Sarah Knuckey
Faculty Co-Director, Human Rights Institute;
Lieff Cabraser Clinical Professor of Law;
Director, Smith Family Human Rights Clinic
Sarah Knuckey joined Columbia Law School in July 2014 as faculty co-director of the Human Rights Institute, director of the Human Rights Clinic, and the Lieff Cabraser Clinical Professor of Law. Knuckey is an international human rights lawyer, professor, and special adviser to the U.N. special rapporteur on extrajudicial executions. She has carried out factfinding investigations and reported on human rights and armed conflict violations around the world, including in Afghanistan, Brazil, the Central African Republic, Colombia, the Democratic Republic of the Congo, Kenya, Papua New Guinea, and the United States.
Knuckey’s work has addressed issues such as unlawful killings, armed conflict, sexual violence, corporate accountability, extractive industries, and protest rights. Her academic research interests include human rights methodologies, critical perspectives on human rights, new weapons technologies, transparency norms, and post-traumatic stress disorder and resilience.
Knuckey is a founding editor of Just Security, an online forum for analysis of U.S. national security law and policy. She has been awarded the Fulbright Postgraduate Award, the Murphy Postgraduate Scholarship, the Harvard Human Rights Program Fellowship, the Parsons Memorial Prize for Law, and the KCF Keall Prize in Law.

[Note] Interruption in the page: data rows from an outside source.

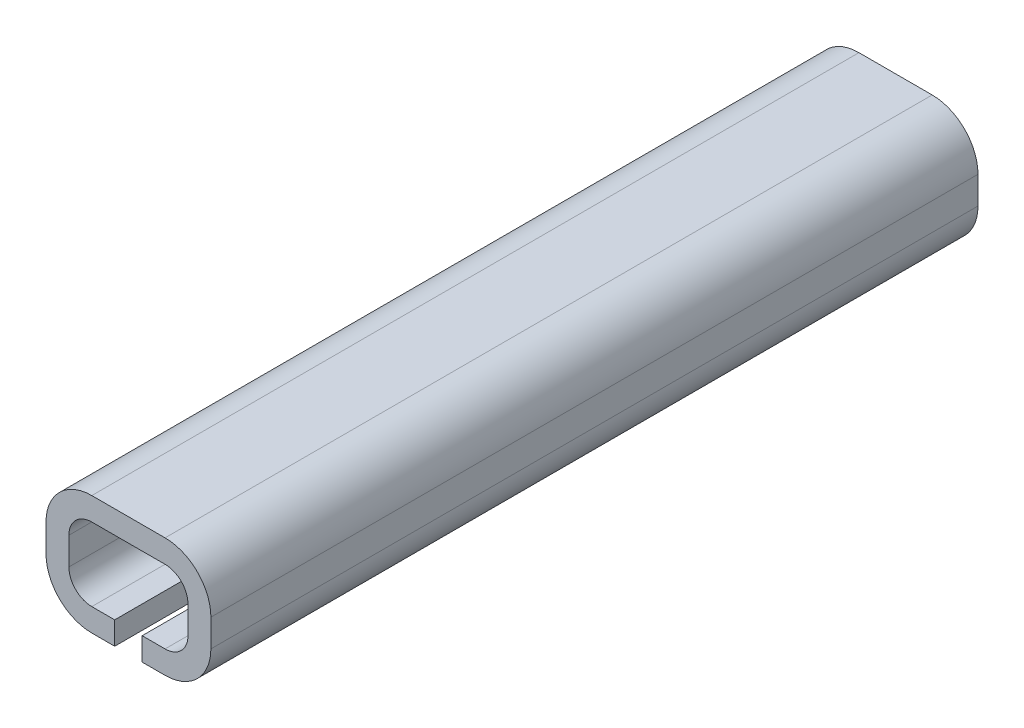
ISO-10303-21;
HEADER;
FILE_DESCRIPTION(('STEP AP214'),'2;1');
FILE_NAME('part.step','',(''),(''),'','','');
FILE_SCHEMA(('AUTOMOTIVE_DESIGN { 1 0 10303 214 1 1 1 1 }'));
ENDSEC;
DATA;
#1=APPLICATION_CONTEXT('core data for automotive mechanical design processes');
#2=APPLICATION_PROTOCOL_DEFINITION('international standard','automotive_design',2000,#1);
#3=PRODUCT_CONTEXT('',#1,'mechanical');
#4=PRODUCT('Part','Part','',(#3));
#5=PRODUCT_RELATED_PRODUCT_CATEGORY('part','',(#4));
#6=PRODUCT_DEFINITION_FORMATION('','',#4);
#7=PRODUCT_DEFINITION_CONTEXT('part definition',#1,'design');
#8=PRODUCT_DEFINITION('design','',#6,#7);
#9=PRODUCT_DEFINITION_SHAPE('','',#8);
#10=(LENGTH_UNIT() NAMED_UNIT(*) SI_UNIT(.MILLI.,.METRE.));
#11=(NAMED_UNIT(*) PLANE_ANGLE_UNIT() SI_UNIT($,.RADIAN.));
#12=(NAMED_UNIT(*) SI_UNIT($,.STERADIAN.) SOLID_ANGLE_UNIT());
#13=UNCERTAINTY_MEASURE_WITH_UNIT(LENGTH_MEASURE(1.E-05),#10,'distance_accuracy_value','');
#14=(GEOMETRIC_REPRESENTATION_CONTEXT(3) GLOBAL_UNCERTAINTY_ASSIGNED_CONTEXT((#13)) GLOBAL_UNIT_ASSIGNED_CONTEXT((#10,
#11,#12)) REPRESENTATION_CONTEXT('',''));
#15=CARTESIAN_POINT('',(0.,0.,0.));
#16=DIRECTION('',(0.,0.,1.));
#17=DIRECTION('',(1.,0.,0.));
#18=AXIS2_PLACEMENT_3D('',#15,#16,#17);
#19=CARTESIAN_POINT('',(1.6,-1.6,10.));
#20=DIRECTION('',(0.,-1.,0.));
#21=DIRECTION('',(1.,0.,0.));
#22=AXIS2_PLACEMENT_3D('',#19,#20,#21);
#23=PLANE('',#22);
#24=DIRECTION('',(-1.,0.,0.));
#25=VECTOR('',#24,1.);
#26=CARTESIAN_POINT('',(1.6,-1.6,10.));
#27=LINE('',#26,#25);
#28=CARTESIAN_POINT('',(-0.6,-1.6,10.));
#29=VERTEX_POINT('',#28);
#30=CARTESIAN_POINT('',(-1.6,-1.6,10.));
#31=VERTEX_POINT('',#30);
#32=EDGE_CURVE('E445',#29,#31,#27,.T.);
#33=ORIENTED_EDGE('',*,*,#32,.F.);
#34=DIRECTION('',(0.,0.,1.));
#35=VECTOR('',#34,1.);
#36=CARTESIAN_POINT('',(-0.6,-1.6,10.));
#37=LINE('',#36,#35);
#38=CARTESIAN_POINT('',(-0.599999999999999,-1.6,0.));
#39=VERTEX_POINT('',#38);
#40=EDGE_CURVE('E312',#39,#29,#37,.T.);
#41=ORIENTED_EDGE('',*,*,#40,.F.);
#42=DIRECTION('',(-1.,0.,0.));
#43=VECTOR('',#42,1.);
#44=CARTESIAN_POINT('',(1.6,-1.6,0.));
#45=LINE('',#44,#43);
#46=CARTESIAN_POINT('',(-1.6,-1.6,0.));
#47=VERTEX_POINT('',#46);
#48=EDGE_CURVE('E469',#39,#47,#45,.T.);
#49=ORIENTED_EDGE('',*,*,#48,.T.);
#50=DIRECTION('',(0.,0.,-1.));
#51=VECTOR('',#50,1.);
#52=CARTESIAN_POINT('',(-1.6,-1.6,10.));
#53=LINE('',#52,#51);
#54=EDGE_CURVE('E498',#31,#47,#53,.T.);
#55=ORIENTED_EDGE('',*,*,#54,.F.);
#56=EDGE_LOOP('',(#33,#41,#49,#55));
#57=FACE_BOUND('',#56,.T.);
#58=ADVANCED_FACE('F84',(#57),#23,.F.);
#59=CARTESIAN_POINT('',(1.6,-1.6,-23.5));
#60=DIRECTION('',(0.,-1.,0.));
#61=DIRECTION('',(1.,0.,0.));
#62=AXIS2_PLACEMENT_3D('',#59,#60,#61);
#63=PLANE('',#62);
#64=DIRECTION('',(-1.,0.,0.));
#65=VECTOR('',#64,1.);
#66=CARTESIAN_POINT('',(1.6,-1.6,-23.5));
#67=LINE('',#66,#65);
#68=CARTESIAN_POINT('',(1.6,-1.6,-23.5));
#69=VERTEX_POINT('',#68);
#70=CARTESIAN_POINT('',(0.599999999999999,-1.6,-23.5));
#71=VERTEX_POINT('',#70);
#72=EDGE_CURVE('E355',#69,#71,#67,.T.);
#73=ORIENTED_EDGE('',*,*,#72,.T.);
#74=DIRECTION('',(0.,0.,-1.));
#75=VECTOR('',#74,1.);
#76=CARTESIAN_POINT('',(0.599999999999999,-1.6,-23.5));
#77=LINE('',#76,#75);
#78=CARTESIAN_POINT('',(0.599999999999999,-1.6,-13.5));
#79=VERTEX_POINT('',#78);
#80=EDGE_CURVE('E375',#79,#71,#77,.T.);
#81=ORIENTED_EDGE('',*,*,#80,.F.);
#82=DIRECTION('',(-1.,0.,0.));
#83=VECTOR('',#82,1.);
#84=CARTESIAN_POINT('',(1.6,-1.6,-13.5));
#85=LINE('',#84,#83);
#86=CARTESIAN_POINT('',(1.6,-1.6,-13.5));
#87=VERTEX_POINT('',#86);
#88=EDGE_CURVE('E299',#87,#79,#85,.T.);
#89=ORIENTED_EDGE('',*,*,#88,.F.);
#90=DIRECTION('',(0.,0.,1.));
#91=VECTOR('',#90,1.);
#92=CARTESIAN_POINT('',(1.6,-1.6,-23.5));
#93=LINE('',#92,#91);
#94=EDGE_CURVE('E399',#69,#87,#93,.T.);
#95=ORIENTED_EDGE('',*,*,#94,.F.);
#96=EDGE_LOOP('',(#73,#81,#89,#95));
#97=FACE_BOUND('',#96,.T.);
#98=ADVANCED_FACE('F625',(#97),#63,.F.);
#99=CARTESIAN_POINT('',(1.6,0.600000000000001,10.));
#100=DIRECTION('',(0.,0.,-1.));
#101=DIRECTION('',(-1.,0.,0.));
#102=AXIS2_PLACEMENT_3D('',#99,#100,#101);
#103=PLANE('',#102);
#104=DIRECTION('',(-1.,0.,0.));
#105=VECTOR('',#104,1.);
#106=CARTESIAN_POINT('',(1.6,-2.6,10.));
#107=LINE('',#106,#105);
#108=CARTESIAN_POINT('',(-0.6,-2.6,10.));
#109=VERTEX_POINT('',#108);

Before joining Columbia Law School, Knuckey was an adjunct professor of clinical law and director of the Initiative on Human Rights Fact-Finding and the Project on Extrajudicial Executions at NYU School of Law’s Center for Human Rights and Global Justice. She also previously clerked for Australian High Court Justice Michael Kirby and served as the Everett Public Service Fellow at Human Rights Watch. She is also an Extraordinary Lecturer at the Center for Human Rights, University of Pretoria in South Africa.